How the Bible Became the Bible
Chapter One - In the Beginning
Section 2 of 14
CHAPTER ONE
In the Beginning
ALRIGHT, SO FIRST thing’s first:
Genesis isn’t the oldest part of the Bible.
It’s just the first one in the Bible.
Which makes sense — it opens with “In the beginning,” and it’s all about how everything got started. But that doesn’t mean it was written first. In fact, the actual writing didn’t happen until way later — like, centuries later.
Before there were any scrolls, there were stories.
People told them. Out loud. Around fires, in tents, during feasts, while walking, while working. These were the stories of who they were, where they came from, what God had done, and how the world worked. Nobody had pens. Nobody had paper. The stories lived in memory.

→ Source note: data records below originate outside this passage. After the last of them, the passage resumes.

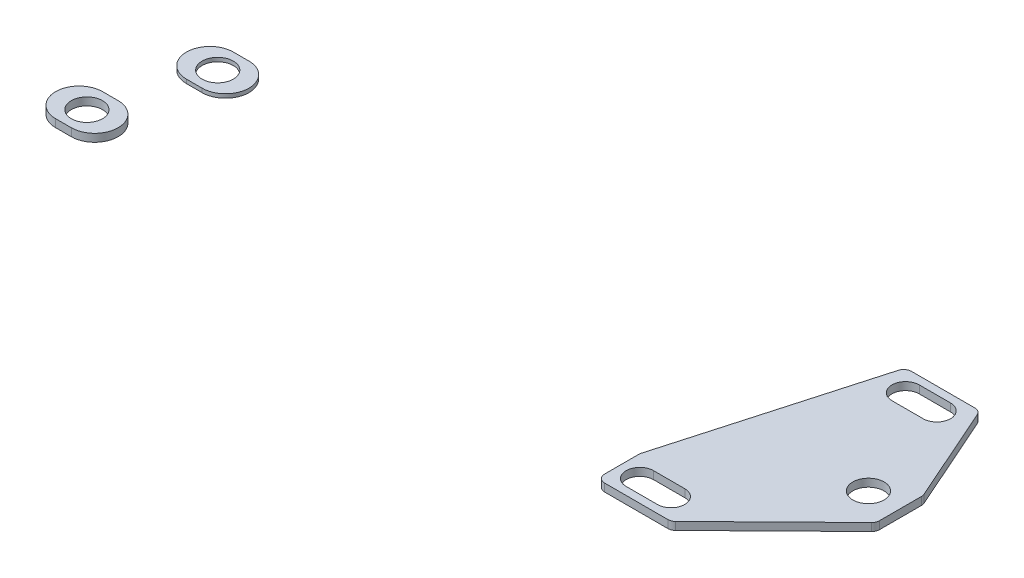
ISO-10303-21;
HEADER;
FILE_DESCRIPTION(('STEP AP214'),'2;1');
FILE_NAME('part.step','',(''),(''),'','','');
FILE_SCHEMA(('AUTOMOTIVE_DESIGN { 1 0 10303 214 1 1 1 1 }'));
ENDSEC;
DATA;
#1=APPLICATION_CONTEXT('core data for automotive mechanical design processes');
#2=APPLICATION_PROTOCOL_DEFINITION('international standard','automotive_design',2000,#1);
#3=PRODUCT_CONTEXT('',#1,'mechanical');
#4=PRODUCT('Part','Part','',(#3));
#5=PRODUCT_RELATED_PRODUCT_CATEGORY('part','',(#4));
#6=PRODUCT_DEFINITION_FORMATION('','',#4);
#7=PRODUCT_DEFINITION_CONTEXT('part definition',#1,'design');
#8=PRODUCT_DEFINITION('design','',#6,#7);
#9=PRODUCT_DEFINITION_SHAPE('','',#8);
#10=(LENGTH_UNIT() NAMED_UNIT(*) SI_UNIT(.MILLI.,.METRE.));
#11=(NAMED_UNIT(*) PLANE_ANGLE_UNIT() SI_UNIT($,.RADIAN.));
#12=(NAMED_UNIT(*) SI_UNIT($,.STERADIAN.) SOLID_ANGLE_UNIT());
#13=UNCERTAINTY_MEASURE_WITH_UNIT(LENGTH_MEASURE(1.E-05),#10,'distance_accuracy_value','');
#14=(GEOMETRIC_REPRESENTATION_CONTEXT(3) GLOBAL_UNCERTAINTY_ASSIGNED_CONTEXT((#13)) GLOBAL_UNIT_ASSIGNED_CONTEXT((#10,
#11,#12)) REPRESENTATION_CONTEXT('',''));
#15=CARTESIAN_POINT('',(0.,0.,0.));
#16=DIRECTION('',(0.,0.,1.));
#17=DIRECTION('',(1.,0.,0.));
#18=AXIS2_PLACEMENT_3D('',#15,#16,#17);
#19=CARTESIAN_POINT('',(0.,-10.,0.));
#20=DIRECTION('',(0.,-1.,0.));
#21=DIRECTION('',(0.,0.,-1.));
#22=AXIS2_PLACEMENT_3D('',#19,#20,#21);
#23=PLANE('',#22);
#24=CARTESIAN_POINT('',(83.,-10.,0.));
#25=DIRECTION('',(0.,-1.,0.));
#26=DIRECTION('',(0.,0.,-1.));
#27=AXIS2_PLACEMENT_3D('',#24,#25,#26);
#28=CIRCLE('',#27,4.00000000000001);
#29=CARTESIAN_POINT('',(83.,-10.,-4.00000000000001));
#30=VERTEX_POINT('',#29);
#31=EDGE_CURVE('E157',#30,#30,#28,.T.);
#32=ORIENTED_EDGE('',*,*,#31,.T.);
#33=EDGE_LOOP('',(#32));
#34=FACE_BOUND('',#33,.T.);
#35=DIRECTION('',(-0.713808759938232,0.,0.700340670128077));
#36=VECTOR('',#35,1.);
#37=CARTESIAN_POINT('',(47.632867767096,-10.,48.5488844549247));
#38=LINE('',#37,#36);
#39=CARTESIAN_POINT('',(90.4006813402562,-10.,6.58801076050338));
#40=VERTEX_POINT('',#39);
#41=CARTESIAN_POINT('',(65.0833898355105,-10.,31.4276175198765));
#42=VERTEX_POINT('',#41);
#43=EDGE_CURVE('E386',#40,#42,#38,.T.);
#44=ORIENTED_EDGE('',*,*,#43,.F.);
#45=CARTESIAN_POINT('',(89.,-10.,5.16039324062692));
#46=DIRECTION('',(0.,-1.,0.));
#47=DIRECTION('',(0.,0.,-1.));
#48=AXIS2_PLACEMENT_3D('',#45,#46,#47);
#49=CIRCLE('',#48,2.);
#50=CARTESIAN_POINT('',(91.,-10.,5.16039324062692));
#51=VERTEX_POINT('',#50);
#52=EDGE_CURVE('E469',#40,#51,#49,.F.);
#53=ORIENTED_EDGE('',*,*,#52,.T.);
#54=DIRECTION('',(0.,0.,1.));
#55=VECTOR('',#54,1.);
#56=CARTESIAN_POINT('',(91.,-10.,0.));
#57=LINE('',#56,#55);
#58=CARTESIAN_POINT('',(91.,-10.,-5.57743687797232));
#59=VERTEX_POINT('',#58);
#60=EDGE_CURVE('E534',#59,#51,#57,.T.);
#61=ORIENTED_EDGE('',*,*,#60,.F.);
#62=CARTESIAN_POINT('',(89.,-10.,-5.57743687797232));
#63=DIRECTION('',(0.,-1.,0.));
#64=DIRECTION('',(0.,0.,-1.));
#65=AXIS2_PLACEMENT_3D('',#62,#63,#64);
#66=CIRCLE('',#65,2.);
#67=CARTESIAN_POINT('',(90.8290706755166,-10.,-6.38644890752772));
#68=VERTEX_POINT('',#67);
#69=EDGE_CURVE('E467',#59,#68,#66,.F.);
#70=ORIENTED_EDGE('',*,*,#69,.T.);
#71=DIRECTION('',(-0.404506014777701,0.,-0.914535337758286));
#72=VECTOR('',#71,1.);
#73=CARTESIAN_POINT('',(78.3297247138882,-10.,-34.6458397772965));
#74=LINE('',#73,#72);
#75=CARTESIAN_POINT('',(80.0267831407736,-10.,-30.8090120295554));
#76=VERTEX_POINT('',#75);
#77=EDGE_CURVE('E502',#68,#76,#74,.T.);
#78=ORIENTED_EDGE('',*,*,#77,.T.);
#79=CARTESIAN_POINT('',(78.1977124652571,-10.,-30.));
#80=DIRECTION('',(0.,-1.,0.));
#81=DIRECTION('',(0.,0.,-1.));
#82=AXIS2_PLACEMENT_3D('',#79,#80,#81);
#83=CIRCLE('',#82,2.);
#84=CARTESIAN_POINT('',(78.1977124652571,-10.,-32.));
#85=VERTEX_POINT('',#84);
#86=EDGE_CURVE('E459',#76,#85,#83,.F.);
#87=ORIENTED_EDGE('',*,*,#86,.T.);
#88=DIRECTION('',(1.,0.,0.));
#89=VECTOR('',#88,1.);
#90=CARTESIAN_POINT('',(0.,-10.,-32.));
#91=LINE('',#90,#89);
#92=CARTESIAN_POINT('',(62.0125191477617,-10.,-32.));
#93=VERTEX_POINT('',#92);
#94=EDGE_CURVE('E495',#93,#85,#91,.T.);
#95=ORIENTED_EDGE('',*,*,#94,.F.);
#96=CARTESIAN_POINT('',(62.0125191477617,-10.,-30.));
#97=DIRECTION('',(0.,-1.,0.));
#98=DIRECTION('',(0.,0.,-1.));
#99=AXIS2_PLACEMENT_3D('',#96,#97,#98);
#100=CIRCLE('',#99,2.);
#101=CARTESIAN_POINT('',(60.0881070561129,-10.,-30.5446449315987));
#102=VERTEX_POINT('',#101);
#103=EDGE_CURVE('E170',#93,#102,#100,.F.);
#104=ORIENTED_EDGE('',*,*,#103,.T.);
#105=DIRECTION('',(0.272322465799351,0.,-0.962206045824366));
#106=VECTOR('',#105,1.);
#107=CARTESIAN_POINT('',(47.6283783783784,-10.,13.4797297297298));
#108=LINE('',#107,#106);
#109=CARTESIAN_POINT('',(45.5755879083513,-10.,20.7329227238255));
#110=VERTEX_POINT('',#109);
#111=EDGE_CURVE('E369',#110,#102,#108,.T.);
#112=ORIENTED_EDGE('',*,*,#111,.F.);
#113=CARTESIAN_POINT('',(47.5,-10.,21.2775676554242));
#114=DIRECTION('',(0.,-1.,0.));
#115=DIRECTION('',(0.,0.,-1.));
#116=AXIS2_PLACEMENT_3D('',#113,#114,#115);
#117=CIRCLE('',#116,2.);
#118=CARTESIAN_POINT('',(45.5,-10.,21.2775676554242));
#119=VERTEX_POINT('',#118);
#120=EDGE_CURVE('E461',#110,#119,#117,.F.);
#121=ORIENTED_EDGE('',*,*,#120,.T.);
#122=DIRECTION('',(0.,0.,1.));
#123=VECTOR('',#122,1.);
#124=CARTESIAN_POINT('',(45.5,-10.,0.));
#125=LINE('',#124,#123);
#126=CARTESIAN_POINT('',(45.5,-10.,30.));
#127=VERTEX_POINT('',#126);
#128=EDGE_CURVE('E365',#119,#127,#125,.T.);
#129=ORIENTED_EDGE('',*,*,#128,.T.);
#130=CARTESIAN_POINT('',(47.5,-10.,30.));
#131=DIRECTION('',(0.,-1.,0.));
#132=DIRECTION('',(0.,0.,-1.));
#133=AXIS2_PLACEMENT_3D('',#130,#131,#132);
#134=CIRCLE('',#133,2.);
#135=CARTESIAN_POINT('',(47.5,-10.,32.));
#136=VERTEX_POINT('',#135);
#137=EDGE_CURVE('E463',#127,#136,#134,.F.);
#138=ORIENTED_EDGE('',*,*,#137,.T.);
#139=DIRECTION('',(-1.,0.,0.));
#140=VECTOR('',#139,1.);
#141=CARTESIAN_POINT('',(0.,-10.,32.));
#142=LINE('',#141,#140);
#143=CARTESIAN_POINT('',(63.6827084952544,-10.,32.));
#144=VERTEX_POINT('',#143);
#145=EDGE_CURVE('E381',#144,#136,#142,.T.);
#146=ORIENTED_EDGE('',*,*,#145,.F.);
#147=CARTESIAN_POINT('',(63.6827084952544,-10.,30.));
#148=DIRECTION('',(0.,-1.,0.));
#149=DIRECTION('',(0.,0.,-1.));
#150=AXIS2_PLACEMENT_3D('',#147,#148,#149);
#151=CIRCLE('',#150,2.);
#152=EDGE_CURVE('E465',#144,#42,#151,.F.);
#153=ORIENTED_EDGE('',*,*,#152,.T.);
#154=EDGE_LOOP('',(#44,#53,#61,#70,#78,#87,#95,#104,#112,#121,#129,#138,#146,#153));
#155=FACE_BOUND('',#154,.T.);
#156=CARTESIAN_POINT('',(51.,-10.,26.5));
#157=DIRECTION('',(0.,-1.,0.));
#158=DIRECTION('',(0.,0.,-1.));
#159=AXIS2_PLACEMENT_3D('',#156,#157,#158);
#160=CIRCLE('',#159,3.5);
#161=CARTESIAN_POINT('',(51.,-10.,30.));
#162=VERTEX_POINT('',#161);
#163=CARTESIAN_POINT('',(51.,-10.,23.));
#164=VERTEX_POINT('',#163);
#165=EDGE_CURVE('E385',#162,#164,#160,.T.);
#166=ORIENTED_EDGE('',*,*,#165,.T.);
#167=DIRECTION('',(1.,0.,0.));
#168=VECTOR('',#167,1.);
#169=CARTESIAN_POINT('',(0.,-10.,23.));
#170=LINE('',#169,#168);
#171=CARTESIAN_POINT('',(59.,-10.,23.));
#172=VERTEX_POINT('',#171);
#173=EDGE_CURVE('E408',#164,#172,#170,.T.);
#174=ORIENTED_EDGE('',*,*,#173,.T.);
#175=CARTESIAN_POINT('',(59.,-10.,26.5));
#176=DIRECTION('',(0.,-1.,0.));
#177=DIRECTION('',(0.,0.,-1.));
#178=AXIS2_PLACEMENT_3D('',#175,#176,#177);
#179=CIRCLE('',#178,3.5);
#180=CARTESIAN_POINT('',(59.,-10.,30.));
#181=VERTEX_POINT('',#180);
#182=EDGE_CURVE('E396',#172,#181,#179,.T.);
#183=ORIENTED_EDGE('',*,*,#182,.T.);
#184=DIRECTION('',(-1.,0.,0.));
#185=VECTOR('',#184,1.);
#186=CARTESIAN_POINT('',(0.,-10.,30.));
#187=LINE('',#186,#185);
#188=EDGE_CURVE('E392',#181,#162,#187,.T.);
#189=ORIENTED_EDGE('',*,*,#188,.T.);
#190=EDGE_LOOP('',(#166,#174,#183,#189));
#191=FACE_BOUND('',#190,.T.);
#192=DIRECTION('',(-1.,0.,0.));
#193=VECTOR('',#192,1.);
#194=CARTESIAN_POINT('',(0.,-10.,-30.));
#195=LINE('',#194,#193);
#196=CARTESIAN_POINT('',(74.,-10.,-30.));
#197=VERTEX_POINT('',#196);
#198=CARTESIAN_POINT('',(66.,-10.,-30.));
#199=VERTEX_POINT('',#198);
#200=EDGE_CURVE('E404',#197,#199,#195,.T.);
#201=ORIENTED_EDGE('',*,*,#200,.F.);
#202=CARTESIAN_POINT('',(74.,-10.,-26.5));
#203=DIRECTION('',(0.,-1.,0.));
#204=DIRECTION('',(0.,0.,-1.));
#205=AXIS2_PLACEMENT_3D('',#202,#203,#204);
#206=CIRCLE('',#205,3.5);
#207=CARTESIAN_POINT('',(74.,-10.,-23.));
#208=VERTEX_POINT('',#207);
#209=EDGE_CURVE('E314',#197,#208,#206,.T.);
#210=ORIENTED_EDGE('',*,*,#209,.T.);
#211=DIRECTION('',(-1.,0.,0.));
#212=VECTOR('',#211,1.);
#213=CARTESIAN_POINT('',(0.,-10.,-23.));
#214=LINE('',#213,#212);
#215=CARTESIAN_POINT('',(66.,-10.,-23.));
#216=VERTEX_POINT('',#215);
#217=EDGE_CURVE('E410',#208,#216,#214,.T.);
#218=ORIENTED_EDGE('',*,*,#217,.T.);
#219=CARTESIAN_POINT('',(66.,-10.,-26.5));
#220=DIRECTION('',(0.,-1.,0.));
#221=DIRECTION('',(0.,0.,-1.));
#222=AXIS2_PLACEMENT_3D('',#219,#220,#221);
#223=CIRCLE('',#222,3.5);
#224=EDGE_CURVE('E407',#199,#216,#223,.F.);
#225=ORIENTED_EDGE('',*,*,#224,.F.);
#226=EDGE_LOOP('',(#201,#210,#218,#225));
#227=FACE_BOUND('',#226,.T.);
#228=ADVANCED_FACE('F153',(#34,#155,#191,#227),#23,.F.);
#229=CARTESIAN_POINT('',(89.,-10.,5.16039324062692));
#230=DIRECTION('',(0.,-1.,0.));
#231=DIRECTION('',(0.,0.,-1.));
#232=AXIS2_PLACEMENT_3D('',#229,#230,#231);
#233=CYLINDRICAL_SURFACE('',#232,2.);
#234=ORIENTED_EDGE('',*,*,#52,.F.);
#235=DIRECTION('',(0.,-1.,0.));
#236=VECTOR('',#235,1.);
#237=CARTESIAN_POINT('',(90.4006813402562,-10.,6.58801076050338));
#238=LINE('',#237,#236);
#239=CARTESIAN_POINT('',(90.4006813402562,-12.,6.58801076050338));
#240=VERTEX_POINT('',#239);
#241=EDGE_CURVE('E456',#240,#40,#238,.F.);
#242=ORIENTED_EDGE('',*,*,#241,.F.);
#243=CARTESIAN_POINT('',(89.,-12.,5.16039324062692));
#244=DIRECTION('',(0.,-1.,0.));
#245=DIRECTION('',(0.,0.,-1.));
#246=AXIS2_PLACEMENT_3D('',#243,#244,#245);
#247=CIRCLE('',#246,2.);
#248=CARTESIAN_POINT('',(91.,-12.,5.16039324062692));
#249=VERTEX_POINT('',#248);
#250=EDGE_CURVE('E451',#249,#240,#247,.T.);
#251=ORIENTED_EDGE('',*,*,#250,.F.);
#252=DIRECTION('',(0.,-1.,0.));
#253=VECTOR('',#252,1.);
#254=CARTESIAN_POINT('',(91.,-10.,5.16039324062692));
#255=LINE('',#254,#253);
#256=EDGE_CURVE('E436',#51,#249,#255,.T.);
#257=ORIENTED_EDGE('',*,*,#256,.F.);
#258=EDGE_LOOP('',(#234,#242,#251,#257));
#259=FACE_BOUND('',#258,.T.);
#260=ADVANCED_FACE('F562',(#259),#233,.T.);
#261=CARTESIAN_POINT('',(91.,-10.,0.));
#262=DIRECTION('',(1.,0.,0.));
#263=DIRECTION('',(0.,0.,-1.));
#264=AXIS2_PLACEMENT_3D('',#261,#262,#263);
#265=PLANE('',#264);
#266=ORIENTED_EDGE('',*,*,#60,.T.);
#267=ORIENTED_EDGE('',*,*,#256,.T.);
#268=DIRECTION('',(0.,0.,1.));
#269=VECTOR('',#268,1.);
#270=CARTESIAN_POINT('',(91.,-12.,0.));
#271=LINE('',#270,#269);
#272=CARTESIAN_POINT('',(91.,-12.,-5.57743687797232));
#273=VERTEX_POINT('',#272);
#274=EDGE_CURVE('E427',#273,#249,#271,.T.);
#275=ORIENTED_EDGE('',*,*,#274,.F.);
#276=DIRECTION('',(0.,-1.,0.));
#277=VECTOR('',#276,1.);
#278=CARTESIAN_POINT('',(91.,-10.,-5.57743687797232));
#279=LINE('',#278,#277);
#280=EDGE_CURVE('E415',#273,#59,#279,.F.);
#281=ORIENTED_EDGE('',*,*,#280,.T.);
#282=EDGE_LOOP('',(#266,#267,#275,#281));
#283=FACE_BOUND('',#282,.T.);
#284=ADVANCED_FACE('F560',(#283),#265,.T.);
#285=CARTESIAN_POINT('',(89.,-10.,-5.57743687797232));
#286=DIRECTION('',(0.,1.,0.));
#287=DIRECTION('',(0.,0.,1.));
#288=AXIS2_PLACEMENT_3D('',#285,#286,#287);
#289=CYLINDRICAL_SURFACE('',#288,2.);
#290=ORIENTED_EDGE('',*,*,#69,.F.);
#291=ORIENTED_EDGE('',*,*,#280,.F.);
#292=CARTESIAN_POINT('',(89.,-12.,-5.57743687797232));
#293=DIRECTION('',(0.,-1.,0.));
#294=DIRECTION('',(0.,0.,-1.));
#295=AXIS2_PLACEMENT_3D('',#292,#293,#294);
#296=CIRCLE('',#295,2.);
#297=CARTESIAN_POINT('',(90.8290706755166,-12.,-6.38644890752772));
#298=VERTEX_POINT('',#297);
#299=EDGE_CURVE('E449',#298,#273,#296,.T.);
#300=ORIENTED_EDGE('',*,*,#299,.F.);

And that worked for a long time. Oral tradition was the original cloud storage.
Eventually, though, some of these stories started getting written down. Not all at once — and not in order. Just bits and pieces, here and there. Laws. Songs. Speeches. Names. Stuff people wanted to remember, word-for-word.
That’s how the Bible started: little scraps of sacred memory.
There’s a long tradition that Moses wrote the first five books — Genesis through Deuteronomy — but historians and scholars are pretty confident that’s not literally true. Those books talk about Moses in the third person. They describe his death. They include stuff that happened long after he was gone.
More likely, the Torah was a collage — built over time from different sources, edited and stitched together across generations. You can even see some of the seams in Genesis: two creation stories, two flood timelines, names that change mid-story, little details that overlap or contradict.
None of that ruins it. It actually makes it cooler — because it shows how much these stories meant. People weren’t just copying them down; they were shaping them, preserving them, passing them on.
It’s hard to say for sure what was written first, but the oldest parts of the Bible might be:
- Ancient war poems
- Laws from early tribal life
- Songs like the one in Exodus after the Red Sea parting
- Or blessings and curses passed down through families
They didn’t come with titles or chapters. They weren’t written as “Bible.”
They were just important. And eventually, someone wrote them down.
So yeah — the Bible doesn’t open with the first thing written.
It opens with the first thing you’d want to read first: how it all began.
But the actual beginning of the Bible?
That was slower. Stranger. A little messy. Very human.
It started with people remembering.
And that was holy enough to write down.